- **What to do**:
Every line in the records below between the one holding "#273=ORIENTED_EDGE('',*,*,#186,.F.);" and the one holding "#283=FACE_BOUND('',#282,.T.);", inclusive, is to be set down exactly; all other lines are to be left out.

Start of Supplied data

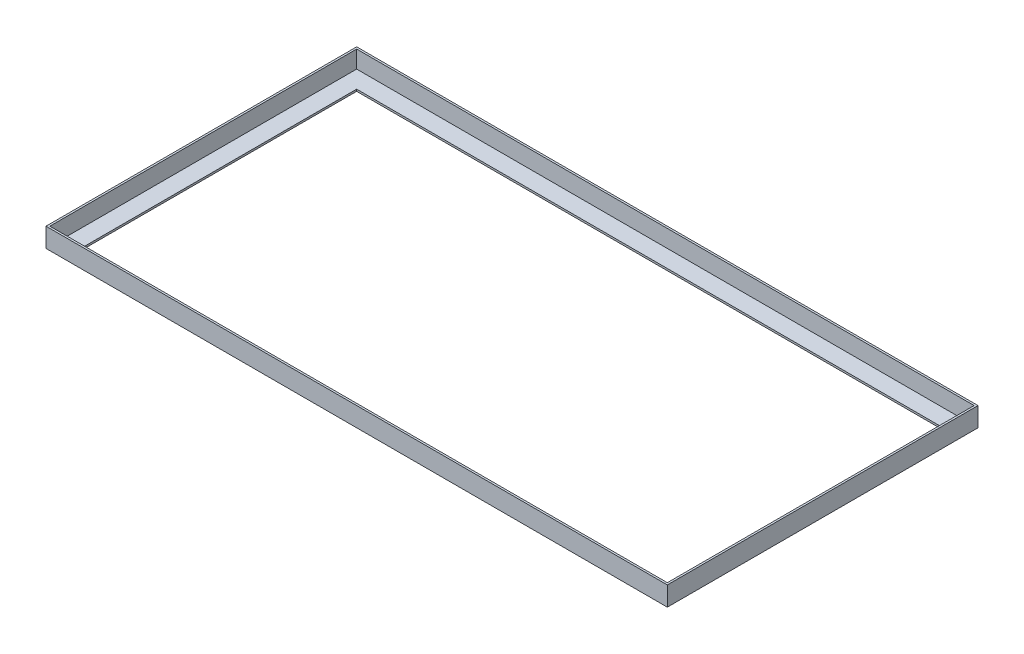
ISO-10303-21;
HEADER;
FILE_DESCRIPTION(('STEP AP214'),'2;1');
FILE_NAME('part.step','',(''),(''),'','','');
FILE_SCHEMA(('AUTOMOTIVE_DESIGN { 1 0 10303 214 1 1 1 1 }'));
ENDSEC;
DATA;
#1=APPLICATION_CONTEXT('core data for automotive mechanical design processes');
#2=APPLICATION_PROTOCOL_DEFINITION('international standard','automotive_design',2000,#1);
#3=PRODUCT_CONTEXT('',#1,'mechanical');
#4=PRODUCT('Part','Part','',(#3));
#5=PRODUCT_RELATED_PRODUCT_CATEGORY('part','',(#4));
#6=PRODUCT_DEFINITION_FORMATION('','',#4);
#7=PRODUCT_DEFINITION_CONTEXT('part definition',#1,'design');
#8=PRODUCT_DEFINITION('design','',#6,#7);
#9=PRODUCT_DEFINITION_SHAPE('','',#8);
#10=(LENGTH_UNIT() NAMED_UNIT(*) SI_UNIT(.MILLI.,.METRE.));
#11=(NAMED_UNIT(*) PLANE_ANGLE_UNIT() SI_UNIT($,.RADIAN.));
#12=(NAMED_UNIT(*) SI_UNIT($,.STERADIAN.) SOLID_ANGLE_UNIT());
#13=UNCERTAINTY_MEASURE_WITH_UNIT(LENGTH_MEASURE(1.E-05),#10,'distance_accuracy_value','');
#14=(GEOMETRIC_REPRESENTATION_CONTEXT(3) GLOBAL_UNCERTAINTY_ASSIGNED_CONTEXT((#13)) GLOBAL_UNIT_ASSIGNED_CONTEXT((#10,
#11,#12)) REPRESENTATION_CONTEXT('',''));
#15=CARTESIAN_POINT('',(0.,0.,0.));
#16=DIRECTION('',(0.,0.,1.));
#17=DIRECTION('',(1.,0.,0.));
#18=AXIS2_PLACEMENT_3D('',#15,#16,#17);
#19=CARTESIAN_POINT('',(0.,50.,-721.65604429409));
#20=DIRECTION('',(0.,0.,-1.));
#21=DIRECTION('',(-1.,0.,0.));
#22=AXIS2_PLACEMENT_3D('',#19,#20,#21);
#23=PLANE('',#22);
#24=DIRECTION('',(0.,-1.,0.));
#25=VECTOR('',#24,1.);
#26=CARTESIAN_POINT('',(-106.818181818182,50.,-721.65604429409));
#27=LINE('',#26,#25);
#28=CARTESIAN_POINT('',(-106.818181818182,50.,-721.65604429409));
#29=VERTEX_POINT('',#28);
#30=CARTESIAN_POINT('',(-106.818181818182,5.,-721.65604429409));
#31=VERTEX_POINT('',#30);
#32=EDGE_CURVE('E136',#29,#31,#27,.T.);
#33=ORIENTED_EDGE('',*,*,#32,.T.);
#34=DIRECTION('',(1.,0.,0.));
#35=VECTOR('',#34,1.);
#36=CARTESIAN_POINT('',(0.,5.,-721.65604429409));
#37=LINE('',#36,#35);
#38=CARTESIAN_POINT('',(1493.18181818182,5.,-721.65604429409));
#39=VERTEX_POINT('',#38);
#40=EDGE_CURVE('E51',#31,#39,#37,.T.);
#41=ORIENTED_EDGE('',*,*,#40,.T.);
#42=DIRECTION('',(0.,-1.,0.));
#43=VECTOR('',#42,1.);
#44=CARTESIAN_POINT('',(1493.18181818182,50.,-721.65604429409));
#45=LINE('',#44,#43);
#46=CARTESIAN_POINT('',(1493.18181818182,50.,-721.65604429409));
#47=VERTEX_POINT('',#46);
#48=EDGE_CURVE('E11',#47,#39,#45,.T.);
#49=ORIENTED_EDGE('',*,*,#48,.F.);
#50=DIRECTION('',(1.,0.,0.));
#51=VECTOR('',#50,1.);
#52=CARTESIAN_POINT('',(0.,50.,-721.65604429409));
#53=LINE('',#52,#51);
#54=EDGE_CURVE('E193',#29,#47,#53,.T.);
#55=ORIENTED_EDGE('',*,*,#54,.F.);
#56=EDGE_LOOP('',(#33,#41,#49,#55));
#57=FACE_BOUND('',#56,.T.);
#58=ADVANCED_FACE('F34',(#57),#23,.F.);
#59=CARTESIAN_POINT('',(1493.18181818182,50.,0.));
#60=DIRECTION('',(1.,0.,0.));
#61=DIRECTION('',(0.,0.,-1.));
#62=AXIS2_PLACEMENT_3D('',#59,#60,#61);
#63=PLANE('',#62);
#64=ORIENTED_EDGE('',*,*,#48,.T.);
#65=DIRECTION('',(0.,0.,1.));
#66=VECTOR('',#65,1.);
#67=CARTESIAN_POINT('',(1493.18181818182,5.,0.));
#68=LINE('',#67,#66);
#69=CARTESIAN_POINT('',(1493.18181818182,5.,73.3439557059103));
#70=VERTEX_POINT('',#69);
#71=EDGE_CURVE('E57',#39,#70,#68,.T.);
#72=ORIENTED_EDGE('',*,*,#71,.T.);
#73=DIRECTION('',(0.,-1.,0.));
#74=VECTOR('',#73,1.);
#75=CARTESIAN_POINT('',(1493.18181818182,50.,73.3439557059103));
#76=LINE('',#75,#74);
#77=CARTESIAN_POINT('',(1493.18181818182,50.,73.3439557059103));
#78=VERTEX_POINT('',#77);
#79=EDGE_CURVE('E43',#78,#70,#76,.T.);
#80=ORIENTED_EDGE('',*,*,#79,.F.);
#81=DIRECTION('',(0.,0.,1.));
#82=VECTOR('',#81,1.);
#83=CARTESIAN_POINT('',(1493.18181818182,50.,0.));
#84=LINE('',#83,#82);
#85=EDGE_CURVE('E196',#47,#78,#84,.T.);
#86=ORIENTED_EDGE('',*,*,#85,.F.);
#87=EDGE_LOOP('',(#64,#72,#80,#86));
#88=FACE_BOUND('',#87,.T.);
#89=ADVANCED_FACE('F243',(#88),#63,.F.);
#90=CARTESIAN_POINT('',(0.,50.,73.3439557059103));
#91=DIRECTION('',(0.,0.,-1.));
#92=DIRECTION('',(-1.,0.,0.));
#93=AXIS2_PLACEMENT_3D('',#90,#91,#92);
#94=PLANE('',#93);
#95=DIRECTION('',(1.,0.,0.));
#96=VECTOR('',#95,1.);
#97=CARTESIAN_POINT('',(0.,5.,73.3439557059103));
#98=LINE('',#97,#96);
#99=CARTESIAN_POINT('',(-106.818181818182,5.,73.3439557059103));
#100=VERTEX_POINT('',#99);
#101=EDGE_CURVE('E139',#100,#70,#98,.T.);
#102=ORIENTED_EDGE('',*,*,#101,.F.);
#103=DIRECTION('',(0.,-1.,0.));
#104=VECTOR('',#103,1.);
#105=CARTESIAN_POINT('',(-106.818181818182,50.,73.3439557059103));
#106=LINE('',#105,#104);
#107=CARTESIAN_POINT('',(-106.818181818182,50.,73.3439557059103));
#108=VERTEX_POINT('',#107);
#109=EDGE_CURVE('E126',#108,#100,#106,.T.);
#110=ORIENTED_EDGE('',*,*,#109,.F.);
#111=DIRECTION('',(1.,0.,0.));
#112=VECTOR('',#111,1.);
#113=CARTESIAN_POINT('',(0.,50.,73.3439557059103));
#114=LINE('',#113,#112);
#115=EDGE_CURVE('E198',#108,#78,#114,.T.);
#116=ORIENTED_EDGE('',*,*,#115,.T.);
#117=ORIENTED_EDGE('',*,*,#79,.T.);
#118=EDGE_LOOP('',(#102,#110,#116,#117));
#119=FACE_BOUND('',#118,.T.);
#120=ADVANCED_FACE('F140',(#119),#94,.T.);
#121=CARTESIAN_POINT('',(1498.18181818182,50.,0.));
#122=DIRECTION('',(1.,0.,0.));
#123=DIRECTION('',(0.,0.,-1.));
#124=AXIS2_PLACEMENT_3D('',#121,#122,#123);
#125=PLANE('',#124);
#126=DIRECTION('',(0.,0.,1.));
#127=VECTOR('',#126,1.);
#128=CARTESIAN_POINT('',(1498.18181818182,0.,0.));
#129=LINE('',#128,#127);
#130=CARTESIAN_POINT('',(1498.18181818182,0.,-726.65604429409));
#131=VERTEX_POINT('',#130);
#132=CARTESIAN_POINT('',(1498.18181818182,0.,78.3439557059103));
#133=VERTEX_POINT('',#132);
#134=EDGE_CURVE('E181',#131,#133,#129,.T.);
#135=ORIENTED_EDGE('',*,*,#134,.F.);
#136=DIRECTION('',(0.,-1.,0.));
#137=VECTOR('',#136,1.);
#138=CARTESIAN_POINT('',(1498.18181818182,50.,-726.65604429409));
#139=LINE('',#138,#137);
#140=CARTESIAN_POINT('',(1498.18181818182,50.,-726.65604429409));
#141=VERTEX_POINT('',#140);
#142=EDGE_CURVE('E38',#141,#131,#139,.T.);
#143=ORIENTED_EDGE('',*,*,#142,.F.);
#144=DIRECTION('',(0.,0.,1.));
#145=VECTOR('',#144,1.);
#146=CARTESIAN_POINT('',(1498.18181818182,50.,0.));
#147=LINE('',#146,#145);
#148=CARTESIAN_POINT('',(1498.18181818182,50.,78.3439557059103));
#149=VERTEX_POINT('',#148);
#150=EDGE_CURVE('E182',#141,#149,#147,.T.);
#151=ORIENTED_EDGE('',*,*,#150,.T.);
#152=DIRECTION('',(0.,-1.,0.));
#153=VECTOR('',#152,1.);
#154=CARTESIAN_POINT('',(1498.18181818182,50.,78.3439557059103));
#155=LINE('',#154,#153);
#156=EDGE_CURVE('E201',#149,#133,#155,.T.);
#157=ORIENTED_EDGE('',*,*,#156,.T.);
#158=EDGE_LOOP('',(#135,#143,#151,#157));
#159=FACE_BOUND('',#158,.T.);
#160=ADVANCED_FACE('F36',(#159),#125,.T.);
#161=CARTESIAN_POINT('',(0.,50.,-726.65604429409));
#162=DIRECTION('',(0.,0.,-1.));
#163=DIRECTION('',(-1.,0.,0.));
#164=AXIS2_PLACEMENT_3D('',#161,#162,#163);
#165=PLANE('',#164);
#166=DIRECTION('',(1.,0.,0.));
#167=VECTOR('',#166,1.);
#168=CARTESIAN_POINT('',(0.,0.,-726.65604429409));
#169=LINE('',#168,#167);
#170=CARTESIAN_POINT('',(-111.818181818182,0.,-726.65604429409));
#171=VERTEX_POINT('',#170);
#172=EDGE_CURVE('E204',#171,#131,#169,.T.);
#173=ORIENTED_EDGE('',*,*,#172,.F.);
#174=DIRECTION('',(0.,-1.,0.));
#175=VECTOR('',#174,1.);
#176=CARTESIAN_POINT('',(-111.818181818182,50.,-726.65604429409));
#177=LINE('',#176,#175);
#178=CARTESIAN_POINT('',(-111.818181818182,50.,-726.65604429409));
#179=VERTEX_POINT('',#178);
#180=EDGE_CURVE('E216',#179,#171,#177,.T.);
#181=ORIENTED_EDGE('',*,*,#180,.F.);
#182=DIRECTION('',(1.,0.,0.));
#183=VECTOR('',#182,1.);
#184=CARTESIAN_POINT('',(0.,50.,-726.65604429409));
#185=LINE('',#184,#183);
#186=EDGE_CURVE('E185',#179,#141,#185,.T.);
#187=ORIENTED_EDGE('',*,*,#186,.T.);
#188=ORIENTED_EDGE('',*,*,#142,.T.);
#189=EDGE_LOOP('',(#173,#181,#187,#188));
#190=FACE_BOUND('',#189,.T.);
#191=ADVANCED_FACE('F223',(#190),#165,.T.);
#192=CARTESIAN_POINT('',(-111.818181818182,50.,0.));
#193=DIRECTION('',(1.,0.,0.));
#194=DIRECTION('',(0.,0.,-1.));
#195=AXIS2_PLACEMENT_3D('',#192,#193,#194);
#196=PLANE('',#195);
#197=DIRECTION('',(0.,0.,1.));
#198=VECTOR('',#197,1.);
#199=CARTESIAN_POINT('',(-111.818181818182,0.,0.));
#200=LINE('',#199,#198);
#201=CARTESIAN_POINT('',(-111.818181818182,0.,78.3439557059103));
#202=VERTEX_POINT('',#201);
#203=EDGE_CURVE('E207',#171,#202,#200,.T.);
#204=ORIENTED_EDGE('',*,*,#203,.T.);
#205=DIRECTION('',(0.,-1.,0.));
#206=VECTOR('',#205,1.);
#207=CARTESIAN_POINT('',(-111.818181818182,50.,78.3439557059103));
#208=LINE('',#207,#206);
#209=CARTESIAN_POINT('',(-111.818181818182,50.,78.3439557059103));
#210=VERTEX_POINT('',#209);
#211=EDGE_CURVE('E214',#210,#202,#208,.T.);
#212=ORIENTED_EDGE('',*,*,#211,.F.);
#213=DIRECTION('',(0.,0.,1.));
#214=VECTOR('',#213,1.);
#215=CARTESIAN_POINT('',(-111.818181818182,50.,0.));
#216=LINE('',#215,#214);
#217=EDGE_CURVE('E189',#179,#210,#216,.T.);
#218=ORIENTED_EDGE('',*,*,#217,.F.);
#219=ORIENTED_EDGE('',*,*,#180,.T.);
#220=EDGE_LOOP('',(#204,#212,#218,#219));
#221=FACE_BOUND('',#220,.T.);
#222=ADVANCED_FACE('F233',(#221),#196,.F.);
#223=CARTESIAN_POINT('',(0.,50.,78.3439557059103));
#224=DIRECTION('',(0.,0.,-1.));
#225=DIRECTION('',(-1.,0.,0.));
#226=AXIS2_PLACEMENT_3D('',#223,#224,#225);
#227=PLANE('',#226);
#228=DIRECTION('',(1.,0.,0.));
#229=VECTOR('',#228,1.);
#230=CARTESIAN_POINT('',(0.,0.,78.3439557059103));
#231=LINE('',#230,#229);
#232=EDGE_CURVE('E186',#202,#133,#231,.T.);
#233=ORIENTED_EDGE('',*,*,#232,.T.);
#234=ORIENTED_EDGE('',*,*,#156,.F.);
#235=DIRECTION('',(1.,0.,0.));
#236=VECTOR('',#235,1.);
#237=CARTESIAN_POINT('',(0.,50.,78.3439557059103));
#238=LINE('',#237,#236);
#239=EDGE_CURVE('E191',#210,#149,#238,.T.);
#240=ORIENTED_EDGE('',*,*,#239,.F.);
#241=ORIENTED_EDGE('',*,*,#211,.T.);
#242=EDGE_LOOP('',(#233,#234,#240,#241));
#243=FACE_BOUND('',#242,.T.);
#244=ADVANCED_FACE('F236',(#243),#227,.F.);
#245=CARTESIAN_POINT('',(-106.818181818182,50.,0.));
#246=DIRECTION('',(1.,0.,0.));
#247=DIRECTION('',(0.,0.,-1.));
#248=AXIS2_PLACEMENT_3D('',#245,#246,#247);
#249=PLANE('',#248);
#250=DIRECTION('',(0.,0.,1.));
#251=VECTOR('',#250,1.);
#252=CARTESIAN_POINT('',(-106.818181818182,5.,0.));
#253=LINE('',#252,#251);
#254=EDGE_CURVE('E130',#31,#100,#253,.T.);
#255=ORIENTED_EDGE('',*,*,#254,.F.);
#256=ORIENTED_EDGE('',*,*,#32,.F.);
#257=DIRECTION('',(0.,0.,1.));
#258=VECTOR('',#257,1.);
#259=CARTESIAN_POINT('',(-106.818181818182,50.,0.));
#260=LINE('',#259,#258);
#261=EDGE_CURVE('E132',#29,#108,#260,.T.);
#262=ORIENTED_EDGE('',*,*,#261,.T.);
#263=ORIENTED_EDGE('',*,*,#109,.T.);
#264=EDGE_LOOP('',(#255,#256,#262,#263));
#265=FACE_BOUND('',#264,.T.);
#266=ADVANCED_FACE('F128',(#265),#249,.T.);
#267=CARTESIAN_POINT('',(0.,50.,0.));
#268=DIRECTION('',(0.,1.,0.));
#269=DIRECTION('',(0.,0.,1.));
#270=AXIS2_PLACEMENT_3D('',#267,#268,#269);
#271=PLANE('',#270);
#272=ORIENTED_EDGE('',*,*,#150,.F.);
#273=ORIENTED_EDGE('',*,*,#186,.F.);
#274=ORIENTED_EDGE('',*,*,#217,.T.);
#275=ORIENTED_EDGE('',*,*,#239,.T.);
#276=EDGE_LOOP('',(#272,#273,#274,#275));
#277=FACE_BOUND('',#276,.T.);
#278=ORIENTED_EDGE('',*,*,#54,.T.);
#279=ORIENTED_EDGE('',*,*,#85,.T.);
#280=ORIENTED_EDGE('',*,*,#115,.F.);
#281=ORIENTED_EDGE('',*,*,#261,.F.);
#282=EDGE_LOOP('',(#278,#279,#280,#281));
#283=FACE_BOUND('',#282,.T.);
#284=ADVANCED_FACE('F238',(#277,#283),#271,.T.);
#285=CARTESIAN_POINT('',(0.,0.,0.));
#286=DIRECTION('',(0.,1.,0.));
#287=DIRECTION('',(0.,0.,1.));
#288=AXIS2_PLACEMENT_3D('',#285,#286,#287);
#289=PLANE('',#288);
#290=ORIENTED_EDGE('',*,*,#134,.T.);
#291=ORIENTED_EDGE('',*,*,#232,.F.);
#292=ORIENTED_EDGE('',*,*,#203,.F.);
#293=ORIENTED_EDGE('',*,*,#172,.T.);
#294=EDGE_LOOP('',(#290,#291,#292,#293));
#295=FACE_BOUND('',#294,.T.);
#296=DIRECTION('',(1.,0.,0.));
#297=VECTOR('',#296,1.);
#298=CARTESIAN_POINT('',(0.,0.,-676.65604429409));
#299=LINE('',#298,#297);
#300=CARTESIAN_POINT('',(-61.818181818182,0.,-676.65604429409));
#301=VERTEX_POINT('',#300);
#302=CARTESIAN_POINT('',(1448.18181818182,0.,-676.65604429409));
#303=VERTEX_POINT('',#302);
#304=EDGE_CURVE('E161',#301,#303,#299,.T.);
#305=ORIENTED_EDGE('',*,*,#304,.F.);
#306=DIRECTION('',(0.,0.,1.));
#307=VECTOR('',#306,1.);
#308=CARTESIAN_POINT('',(-61.8181818181819,0.,0.));
#309=LINE('',#308,#307);
#310=CARTESIAN_POINT('',(-61.8181818181819,0.,28.3439557059103));
#311=VERTEX_POINT('',#310);
#312=EDGE_CURVE('E170',#301,#311,#309,.T.);
#313=ORIENTED_EDGE('',*,*,#312,.T.);
#314=DIRECTION('',(1.,0.,0.));
#315=VECTOR('',#314,1.);
#316=CARTESIAN_POINT('',(0.,0.,28.3439557059103));
#317=LINE('',#316,#315);
#318=CARTESIAN_POINT('',(1448.18181818182,0.,28.3439557059103));
#319=VERTEX_POINT('',#318);
#320=EDGE_CURVE('E167',#311,#319,#317,.T.);
#321=ORIENTED_EDGE('',*,*,#320,.T.);
#322=DIRECTION('',(0.,0.,1.));
#323=VECTOR('',#322,1.);
#324=CARTESIAN_POINT('',(1448.18181818182,0.,0.));
#325=LINE('',#324,#323);
#326=EDGE_CURVE('E164',#303,#319,#325,.T.);
#327=ORIENTED_EDGE('',*,*,#326,.F.);
#328=EDGE_LOOP('',(#305,#313,#321,#327));
#329=FACE_BOUND('',#328,.T.);
#330=ADVANCED_FACE('F230',(#295,#329),#289,.F.);
#331=CARTESIAN_POINT('',(0.,5.,-676.65604429409));
#332=DIRECTION('',(0.,0.,-1.));
#333=DIRECTION('',(-1.,0.,0.));
#334=AXIS2_PLACEMENT_3D('',#331,#332,#333);
#335=PLANE('',#334);
#336=ORIENTED_EDGE('',*,*,#304,.T.);
#337=DIRECTION('',(0.,-1.,0.));
#338=VECTOR('',#337,1.);
#339=CARTESIAN_POINT('',(1448.18181818182,5.,-676.65604429409));
#340=LINE('',#339,#338);
#341=CARTESIAN_POINT('',(1448.18181818182,5.,-676.65604429409));
#342=VERTEX_POINT('',#341);
#343=EDGE_CURVE('E178',#342,#303,#340,.T.);
#344=ORIENTED_EDGE('',*,*,#343,.F.);
#345=DIRECTION('',(1.,0.,0.));
#346=VECTOR('',#345,1.);
#347=CARTESIAN_POINT('',(0.,5.,-676.65604429409));
#348=LINE('',#347,#346);
#349=CARTESIAN_POINT('',(-61.818181818182,5.,-676.65604429409));
#350=VERTEX_POINT('',#349);
#351=EDGE_CURVE('E142',#350,#342,#348,.T.);
#352=ORIENTED_EDGE('',*,*,#351,.F.);
#353=DIRECTION('',(0.,-1.,0.));
#354=VECTOR('',#353,1.);
#355=CARTESIAN_POINT('',(-61.818181818182,5.,-676.65604429409));
#356=LINE('',#355,#354);
#357=EDGE_CURVE('E160',#350,#301,#356,.T.);
#358=ORIENTED_EDGE('',*,*,#357,.T.);
#359=EDGE_LOOP('',(#336,#344,#352,#358));
#360=FACE_BOUND('',#359,.T.);
#361=ADVANCED_FACE('F288',(#360),#335,.F.);
#362=CARTESIAN_POINT('',(1448.18181818182,5.,0.));
#363=DIRECTION('',(1.,0.,0.));
#364=DIRECTION('',(0.,0.,-1.));
#365=AXIS2_PLACEMENT_3D('',#362,#363,#364);
#366=PLANE('',#365);
#367=ORIENTED_EDGE('',*,*,#326,.T.);
#368=DIRECTION('',(0.,-1.,0.));
#369=VECTOR('',#368,1.);
#370=CARTESIAN_POINT('',(1448.18181818182,5.,28.3439557059103));
#371=LINE('',#370,#369);
#372=CARTESIAN_POINT('',(1448.18181818182,5.,28.3439557059103));
#373=VERTEX_POINT('',#372);
#374=EDGE_CURVE('E176',#373,#319,#371,.T.);
#375=ORIENTED_EDGE('',*,*,#374,.F.);
#376=DIRECTION('',(0.,0.,1.));
#377=VECTOR('',#376,1.);
#378=CARTESIAN_POINT('',(1448.18181818182,5.,0.));
#379=LINE('',#378,#377);
#380=EDGE_CURVE('E152',#342,#373,#379,.T.);
#381=ORIENTED_EDGE('',*,*,#380,.F.);
#382=ORIENTED_EDGE('',*,*,#343,.T.);
#383=EDGE_LOOP('',(#367,#375,#381,#382));
#384=FACE_BOUND('',#383,.T.);
#385=ADVANCED_FACE('F298',(#384),#366,.F.);
#386=CARTESIAN_POINT('',(0.,5.,28.3439557059103));
#387=DIRECTION('',(0.,0.,-1.));
#388=DIRECTION('',(-1.,0.,0.));
#389=AXIS2_PLACEMENT_3D('',#386,#387,#388);
#390=PLANE('',#389);
#391=ORIENTED_EDGE('',*,*,#320,.F.);
#392=DIRECTION('',(0.,-1.,0.));
#393=VECTOR('',#392,1.);
#394=CARTESIAN_POINT('',(-61.8181818181819,5.,28.3439557059103));
#395=LINE('',#394,#393);
#396=CARTESIAN_POINT('',(-61.8181818181819,5.,28.3439557059103));
#397=VERTEX_POINT('',#396);
#398=EDGE_CURVE('E174',#397,#311,#395,.T.);
#399=ORIENTED_EDGE('',*,*,#398,.F.);
#400=DIRECTION('',(1.,0.,0.));
#401=VECTOR('',#400,1.);
#402=CARTESIAN_POINT('',(0.,5.,28.3439557059103));
#403=LINE('',#402,#401);
#404=EDGE_CURVE('E154',#397,#373,#403,.T.);
#405=ORIENTED_EDGE('',*,*,#404,.T.);
#406=ORIENTED_EDGE('',*,*,#374,.T.);
#407=EDGE_LOOP('',(#391,#399,#405,#406));
#408=FACE_BOUND('',#407,.T.);
#409=ADVANCED_FACE('F308',(#408),#390,.T.);
#410=CARTESIAN_POINT('',(-61.8181818181819,5.,0.));
#411=DIRECTION('',(1.,0.,0.));
#412=DIRECTION('',(0.,0.,-1.));
#413=AXIS2_PLACEMENT_3D('',#410,#411,#412);
#414=PLANE('',#413);
#415=ORIENTED_EDGE('',*,*,#312,.F.);
#416=ORIENTED_EDGE('',*,*,#357,.F.);
#417=DIRECTION('',(0.,0.,1.));
#418=VECTOR('',#417,1.);
#419=CARTESIAN_POINT('',(-61.8181818181819,5.,0.));
#420=LINE('',#419,#418);
#421=EDGE_CURVE('E157',#350,#397,#420,.T.);
#422=ORIENTED_EDGE('',*,*,#421,.T.);
#423=ORIENTED_EDGE('',*,*,#398,.T.);
#424=EDGE_LOOP('',(#415,#416,#422,#423));
#425=FACE_BOUND('',#424,.T.);
#426=ADVANCED_FACE('F318',(#425),#414,.T.);
#427=CARTESIAN_POINT('',(0.,5.,0.));
#428=DIRECTION('',(0.,1.,0.));
#429=DIRECTION('',(0.,0.,1.));
#430=AXIS2_PLACEMENT_3D('',#427,#428,#429);
#431=PLANE('',#430);
#432=ORIENTED_EDGE('',*,*,#71,.F.);
#433=ORIENTED_EDGE('',*,*,#40,.F.);
#434=ORIENTED_EDGE('',*,*,#254,.T.);
#435=ORIENTED_EDGE('',*,*,#101,.T.);
#436=EDGE_LOOP('',(#432,#433,#434,#435));
#437=FACE_BOUND('',#436,.T.);
#438=ORIENTED_EDGE('',*,*,#351,.T.);
#439=ORIENTED_EDGE('',*,*,#380,.T.);
#440=ORIENTED_EDGE('',*,*,#404,.F.);
#441=ORIENTED_EDGE('',*,*,#421,.F.);
#442=EDGE_LOOP('',(#438,#439,#440,#441));
#443=FACE_BOUND('',#442,.T.);
#444=ADVANCED_FACE('F144',(#437,#443),#431,.T.);
#445=CLOSED_SHELL('',(#58,#89,#120,#160,#191,#222,#244,#266,#284,#330,#361,#385,#409,#426,#444));
#446=MANIFOLD_SOLID_BREP('B2',#445);
#447=ADVANCED_BREP_SHAPE_REPRESENTATION('',(#18,#446),#14);
#448=SHAPE_DEFINITION_REPRESENTATION(#9,#447);
ENDSEC;
END-ISO-10303-21;

End of Supplied data

- **Finished task**:
#273=ORIENTED_EDGE('',*,*,#186,.F.);
#274=ORIENTED_EDGE('',*,*,#217,.T.);
#275=ORIENTED_EDGE('',*,*,#239,.T.);
#276=EDGE_LOOP('',(#272,#273,#274,#275));
#277=FACE_BOUND('',#276,.T.);
#278=ORIENTED_EDGE('',*,*,#54,.T.);
#279=ORIENTED_EDGE('',*,*,#85,.T.);
#280=ORIENTED_EDGE('',*,*,#115,.F.);
#281=ORIENTED_EDGE('',*,*,#261,.F.);
#282=EDGE_LOOP('',(#278,#279,#280,#281));
#283=FACE_BOUND('',#282,.T.);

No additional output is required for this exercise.